[Data listing — start]
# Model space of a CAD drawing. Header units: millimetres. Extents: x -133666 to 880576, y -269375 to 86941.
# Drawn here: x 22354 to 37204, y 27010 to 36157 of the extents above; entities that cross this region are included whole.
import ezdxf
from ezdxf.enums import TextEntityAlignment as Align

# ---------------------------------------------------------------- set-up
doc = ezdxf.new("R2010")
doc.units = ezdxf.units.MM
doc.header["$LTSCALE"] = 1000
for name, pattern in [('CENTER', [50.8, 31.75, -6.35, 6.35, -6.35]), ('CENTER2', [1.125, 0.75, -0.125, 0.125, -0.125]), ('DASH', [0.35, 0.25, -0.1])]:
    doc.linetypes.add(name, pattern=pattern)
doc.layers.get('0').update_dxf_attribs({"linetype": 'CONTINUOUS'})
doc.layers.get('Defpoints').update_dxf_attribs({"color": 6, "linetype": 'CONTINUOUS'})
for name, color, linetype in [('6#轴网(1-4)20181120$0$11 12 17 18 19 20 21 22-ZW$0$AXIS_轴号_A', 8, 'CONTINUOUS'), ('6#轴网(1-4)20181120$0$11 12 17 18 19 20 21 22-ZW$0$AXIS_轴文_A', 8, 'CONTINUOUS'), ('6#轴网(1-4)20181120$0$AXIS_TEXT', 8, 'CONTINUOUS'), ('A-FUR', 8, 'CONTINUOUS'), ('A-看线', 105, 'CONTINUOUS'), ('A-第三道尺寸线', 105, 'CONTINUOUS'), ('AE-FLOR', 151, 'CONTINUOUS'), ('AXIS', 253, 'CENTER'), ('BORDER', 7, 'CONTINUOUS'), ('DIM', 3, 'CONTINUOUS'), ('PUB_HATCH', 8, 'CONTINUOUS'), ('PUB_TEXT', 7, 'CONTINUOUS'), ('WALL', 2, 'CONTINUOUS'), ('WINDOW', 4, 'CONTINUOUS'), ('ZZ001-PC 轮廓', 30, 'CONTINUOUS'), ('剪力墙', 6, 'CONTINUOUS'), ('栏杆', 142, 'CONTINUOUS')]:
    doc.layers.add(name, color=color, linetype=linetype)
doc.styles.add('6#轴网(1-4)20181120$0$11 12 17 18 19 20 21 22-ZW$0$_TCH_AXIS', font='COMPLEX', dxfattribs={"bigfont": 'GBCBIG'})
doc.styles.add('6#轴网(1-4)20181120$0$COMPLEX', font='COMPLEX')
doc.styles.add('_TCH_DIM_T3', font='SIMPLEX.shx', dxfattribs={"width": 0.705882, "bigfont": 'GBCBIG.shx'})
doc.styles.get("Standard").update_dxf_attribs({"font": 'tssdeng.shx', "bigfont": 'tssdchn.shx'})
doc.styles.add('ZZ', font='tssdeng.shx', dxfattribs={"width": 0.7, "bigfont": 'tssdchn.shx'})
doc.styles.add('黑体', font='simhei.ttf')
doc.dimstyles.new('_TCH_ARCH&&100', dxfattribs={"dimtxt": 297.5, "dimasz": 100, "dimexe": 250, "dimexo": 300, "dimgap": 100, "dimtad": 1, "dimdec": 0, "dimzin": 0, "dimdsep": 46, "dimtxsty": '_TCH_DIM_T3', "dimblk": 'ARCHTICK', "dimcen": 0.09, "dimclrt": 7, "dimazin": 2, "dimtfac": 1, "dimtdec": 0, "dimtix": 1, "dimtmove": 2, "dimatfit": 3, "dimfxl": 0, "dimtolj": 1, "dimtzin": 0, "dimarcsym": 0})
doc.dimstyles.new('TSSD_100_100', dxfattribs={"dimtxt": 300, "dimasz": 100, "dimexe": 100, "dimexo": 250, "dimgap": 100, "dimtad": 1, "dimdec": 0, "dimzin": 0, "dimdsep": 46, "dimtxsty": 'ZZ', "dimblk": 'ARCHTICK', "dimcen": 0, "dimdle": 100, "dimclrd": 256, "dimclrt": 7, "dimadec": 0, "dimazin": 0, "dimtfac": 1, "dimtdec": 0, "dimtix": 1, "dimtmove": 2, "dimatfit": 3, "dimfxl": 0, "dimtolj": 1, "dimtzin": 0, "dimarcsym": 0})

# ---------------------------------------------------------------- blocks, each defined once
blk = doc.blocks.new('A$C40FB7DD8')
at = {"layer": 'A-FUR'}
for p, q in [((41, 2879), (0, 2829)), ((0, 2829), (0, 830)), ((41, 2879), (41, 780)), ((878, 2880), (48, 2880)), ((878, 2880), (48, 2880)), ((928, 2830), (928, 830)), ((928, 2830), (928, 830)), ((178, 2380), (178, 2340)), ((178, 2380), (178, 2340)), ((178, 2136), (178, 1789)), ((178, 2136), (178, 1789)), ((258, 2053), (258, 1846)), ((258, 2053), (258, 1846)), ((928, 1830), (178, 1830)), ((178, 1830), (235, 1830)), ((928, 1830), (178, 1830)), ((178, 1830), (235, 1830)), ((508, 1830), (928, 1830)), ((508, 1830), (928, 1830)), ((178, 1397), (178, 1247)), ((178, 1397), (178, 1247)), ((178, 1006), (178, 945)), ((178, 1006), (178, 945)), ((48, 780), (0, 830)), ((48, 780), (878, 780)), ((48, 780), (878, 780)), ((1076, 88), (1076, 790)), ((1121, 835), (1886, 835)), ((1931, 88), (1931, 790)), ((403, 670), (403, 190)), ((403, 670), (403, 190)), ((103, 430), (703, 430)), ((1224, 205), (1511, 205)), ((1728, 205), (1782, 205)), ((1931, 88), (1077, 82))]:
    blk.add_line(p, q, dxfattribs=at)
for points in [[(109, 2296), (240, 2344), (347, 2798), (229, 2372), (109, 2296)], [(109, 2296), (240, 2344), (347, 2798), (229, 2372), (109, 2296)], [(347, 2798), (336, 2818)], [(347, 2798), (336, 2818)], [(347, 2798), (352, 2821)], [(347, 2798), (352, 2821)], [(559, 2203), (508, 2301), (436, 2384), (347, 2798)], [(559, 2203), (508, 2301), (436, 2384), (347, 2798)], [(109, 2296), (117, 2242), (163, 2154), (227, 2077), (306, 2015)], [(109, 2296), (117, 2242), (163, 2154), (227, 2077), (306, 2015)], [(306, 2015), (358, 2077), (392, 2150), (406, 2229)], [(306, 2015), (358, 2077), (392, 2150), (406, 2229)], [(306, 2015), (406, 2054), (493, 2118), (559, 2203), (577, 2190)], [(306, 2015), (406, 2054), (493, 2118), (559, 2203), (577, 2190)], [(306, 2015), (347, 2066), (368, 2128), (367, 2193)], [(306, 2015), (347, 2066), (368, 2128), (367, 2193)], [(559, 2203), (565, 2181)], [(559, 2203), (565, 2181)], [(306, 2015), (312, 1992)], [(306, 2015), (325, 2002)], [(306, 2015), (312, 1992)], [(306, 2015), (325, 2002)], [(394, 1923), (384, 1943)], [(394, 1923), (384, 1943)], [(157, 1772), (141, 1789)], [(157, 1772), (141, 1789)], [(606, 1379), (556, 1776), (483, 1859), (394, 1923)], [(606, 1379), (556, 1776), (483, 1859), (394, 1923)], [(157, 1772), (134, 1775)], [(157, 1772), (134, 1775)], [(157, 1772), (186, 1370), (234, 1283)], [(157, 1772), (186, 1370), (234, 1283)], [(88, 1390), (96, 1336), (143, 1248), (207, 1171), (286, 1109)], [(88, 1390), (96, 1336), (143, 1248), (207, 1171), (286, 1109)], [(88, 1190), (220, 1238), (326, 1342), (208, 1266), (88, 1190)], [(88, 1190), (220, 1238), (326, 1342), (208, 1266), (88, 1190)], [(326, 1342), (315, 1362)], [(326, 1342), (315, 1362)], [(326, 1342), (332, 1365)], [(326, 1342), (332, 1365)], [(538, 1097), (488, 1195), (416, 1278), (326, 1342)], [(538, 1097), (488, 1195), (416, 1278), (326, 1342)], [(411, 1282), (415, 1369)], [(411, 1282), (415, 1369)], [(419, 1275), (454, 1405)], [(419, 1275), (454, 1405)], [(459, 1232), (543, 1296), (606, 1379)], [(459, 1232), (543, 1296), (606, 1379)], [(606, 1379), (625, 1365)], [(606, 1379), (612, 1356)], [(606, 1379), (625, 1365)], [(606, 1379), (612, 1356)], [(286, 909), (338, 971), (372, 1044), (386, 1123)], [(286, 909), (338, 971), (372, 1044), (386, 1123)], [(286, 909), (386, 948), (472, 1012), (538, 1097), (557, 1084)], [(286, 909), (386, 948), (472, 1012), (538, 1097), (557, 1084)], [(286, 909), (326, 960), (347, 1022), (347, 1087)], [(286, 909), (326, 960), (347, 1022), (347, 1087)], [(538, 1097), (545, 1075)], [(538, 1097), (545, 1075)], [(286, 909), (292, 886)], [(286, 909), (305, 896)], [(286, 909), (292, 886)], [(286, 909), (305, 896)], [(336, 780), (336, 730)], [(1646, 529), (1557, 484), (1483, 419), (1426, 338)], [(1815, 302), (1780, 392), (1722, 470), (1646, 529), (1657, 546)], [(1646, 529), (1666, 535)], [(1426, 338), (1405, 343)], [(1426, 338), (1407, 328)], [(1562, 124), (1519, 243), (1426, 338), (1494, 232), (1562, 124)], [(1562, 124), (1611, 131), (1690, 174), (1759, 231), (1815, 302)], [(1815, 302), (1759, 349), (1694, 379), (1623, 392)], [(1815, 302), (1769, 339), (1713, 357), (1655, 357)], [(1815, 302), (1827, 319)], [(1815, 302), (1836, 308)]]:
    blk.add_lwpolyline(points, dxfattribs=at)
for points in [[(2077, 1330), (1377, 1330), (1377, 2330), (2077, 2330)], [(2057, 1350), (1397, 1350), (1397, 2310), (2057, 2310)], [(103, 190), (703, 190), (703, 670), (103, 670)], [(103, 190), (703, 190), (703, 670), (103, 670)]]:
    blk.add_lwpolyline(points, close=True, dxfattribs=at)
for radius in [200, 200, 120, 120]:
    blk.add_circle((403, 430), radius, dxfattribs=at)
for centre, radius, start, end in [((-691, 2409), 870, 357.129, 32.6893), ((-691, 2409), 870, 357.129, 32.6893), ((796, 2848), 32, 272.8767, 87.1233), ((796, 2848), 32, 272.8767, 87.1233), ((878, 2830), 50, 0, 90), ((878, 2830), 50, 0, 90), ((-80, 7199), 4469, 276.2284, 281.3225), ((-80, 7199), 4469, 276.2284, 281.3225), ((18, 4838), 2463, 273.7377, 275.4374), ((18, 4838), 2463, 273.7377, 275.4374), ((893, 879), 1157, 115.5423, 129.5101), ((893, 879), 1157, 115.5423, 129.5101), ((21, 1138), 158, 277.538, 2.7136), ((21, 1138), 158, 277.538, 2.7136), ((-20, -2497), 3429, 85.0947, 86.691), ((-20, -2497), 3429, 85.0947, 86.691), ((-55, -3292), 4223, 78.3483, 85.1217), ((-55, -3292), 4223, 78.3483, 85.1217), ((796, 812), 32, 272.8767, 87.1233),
[Data listing — finish]
▶ **Activity**
Copy word for word the stretch of entries above from the line that has "blk.add_lwpolyline(points, dxfattribs=at)" through the line that has "blk.add_circle((403, 430), radius, dxfattribs=at)", both ends included, and nothing outside it.

▶ **Written answer**
    blk.add_lwpolyline(points, dxfattribs=at)
for points in [[(2077, 1330), (1377, 1330), (1377, 2330), (2077, 2330)], [(2057, 1350), (1397, 1350), (1397, 2310), (2057, 2310)], [(103, 190), (703, 190), (703, 670), (103, 670)], [(103, 190), (703, 190), (703, 670), (103, 670)]]:
    blk.add_lwpolyline(points, close=True, dxfattribs=at)
for radius in [200, 200, 120, 120]:
    blk.add_circle((403, 430), radius, dxfattribs=at)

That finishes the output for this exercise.